Taxe sur la valeur ajoutée | Taux standard : 18% Taux réduit : entre 5% et 10% (cf Directive N°02/2009/CM/UEMOA du 27 mars 2009) |
Impôt sur les sociétés | 30% Impôt minimum forfaitaire : 0,5% du CA entre 500.000 et 5 millions XOF |
Dividendes /Intérêts/Royalties | 10% /8%,13%,16% /20% |
Charges patronales | Entre 22% et 31,5% selon l’activité |
Ratio charges/profits | 45,1% |
En 2014, le Président Macky Sall a structuré la politique économique et sociale autour du « Plan Sénégal émergent » (PSE) pour conduire le pays au statut de marché émergent à revenu intermédiaire en 2035. Cette stratégie se fonde sur trois axes :
- La transformation structurelle de l’économie et la croissance à travers l’agriculture, et l’agroalimentaire, l’économie sociale et solidaire, et le développement du tourisme.
- Le capital humain, la protection sociale et le développement durable via des investissements dans l’éducation, la santé, le renforcement de la protection sociale et la protection de l’environnement.
- La gouvernance, les institutions, la paix et la sécurité. Cet axe a pour but de renforcer l’État de droit et les libertés publiques, la décentralisation et la réforme de l’État.

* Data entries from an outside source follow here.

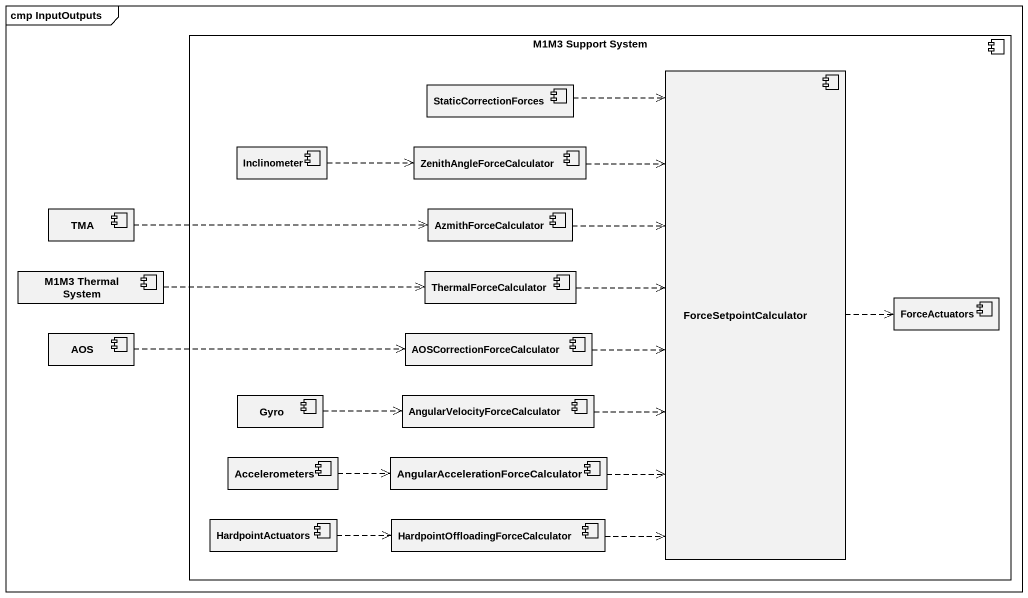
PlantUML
@startuml
mainframe cmp InputOutputs
component "M1M3 Support System" as M1M3_Support_System {
  component StaticCorrectionForces
  component ForceSetpointCalculator
  component Inclinometer
  component ZenithAngleForceCalculator
  component AzmithForceCalculator
  component ThermalForceCalculator
  component AOSCorrectionForceCalculator
  component ForceActuators
  component Gyro
  component "AngularVelocityForceCalculator" as AngularVelocityForceCalculat
  component Accelerometers
  component "AngularAccelerationForceCalculator" as AngularAccelerationForceCalc
  component HardpointActuators
  component "HardpointOffloadingForceCalculator" as HardpointOffloadingForceCalc
}
component TMA
component "M1M3 Thermal System" as M1M3_Thermal_System
component AOS
StaticCorrectionForces ..> ForceSetpointCalculator
ForceSetpointCalculator .right.> ForceActuators
Inclinometer .right.> ZenithAngleForceCalculator
ZenithAngleForceCalculator .right.> ForceSetpointCalculator
TMA .right.> AzmithForceCalculator
AzmithForceCalculator .right.> ForceSetpointCalculator
M1M3_Thermal_System .right.> ThermalForceCalculator
ThermalForceCalculator .right.> ForceSetpointCalculator
AOS .right.> AOSCorrectionForceCalculator
AOSCorrectionForceCalculator .right.> ForceSetpointCalculator
Gyro .right.> AngularVelocityForceCalculat
AngularVelocityForceCalculat .right.> ForceSetpointCalculator
Accelerometers .right.> AngularAccelerationForceCalc
AngularAccelerationForceCalc .up.> ForceSetpointCalculator
HardpointActuators .right.> HardpointOffloadingForceCalc
HardpointOffloadingForceCalc .up.> ForceSetpointCalculator
@enduml
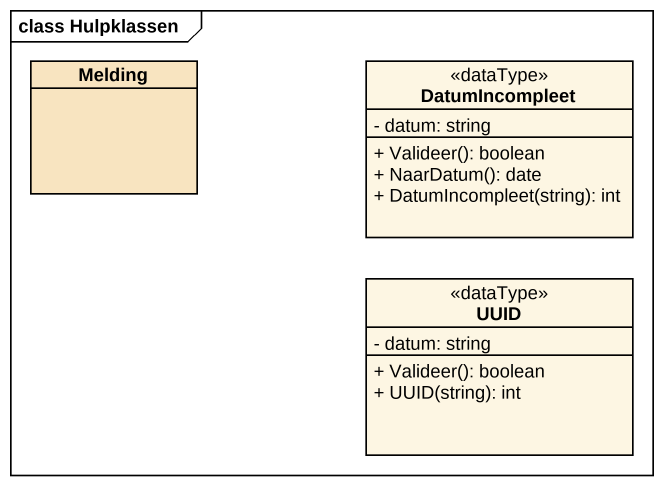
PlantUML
@startuml
mainframe class Hulpklassen
hide circle
hide empty members
skinparam classAttributeIconSize 0
class Melding #F8E4C0
class DatumIncompleet <<dataType>> {
  - datum: string
  + Valideer(): boolean
  + NaarDatum(): date
  + DatumIncompleet(string): int
}
class UUID <<dataType>> {
  - datum: string
  + Valideer(): boolean
  + UUID(string): int
}
@enduml

Au total, le Plan Sénégal Émergent comprend 63 projets en cours dans les domaines de l’agriculture, de la santé, de l’accès à l’eau et du développement des infrastructures. Le tableau suivant présente quelques-unes des réalisations de ce plan structurant :
Agriculture | *Production de riz de 950 779 tonnes, en augmentation de 5 % *Production fruitière estimée à 246 500 tonnes, en augmentation de 2,27 % *Exportations de fruits et légumes estimées à 90 354 tonnes, en hausse de 29 % |
Infrastructures | *Autoroute Diamniadio-AIBD-Sindia *Echangeur de l’Emergence 3e section de la Voie de dégagement Nord *Route des Grandes Niayes entre Rufisque-Bayakh-Notto-Diogo-Lompoul |
Urbanisation | *Train Express Régional (TER) Dakar-Diamniadio-AIBD *Réhabilitation de la voie ferrée Dakar-Kidira sur 644 km *Parc industriel de Diamniadio |
Politique sociale | *Carte d’égalité des chances (23450 cartes produites) *17861 bénéficiaires de mutuelles de santé |
Au terme de la phase 1 du PSE, le flux des investissements directs étrangers a atteint 532 millions de dollars en 2017. Le déficit budgétaire s’est quant à lui résorbé pour s’établir à 2,9%, tandis que la dette publique est estimée à 46,5% du PIB.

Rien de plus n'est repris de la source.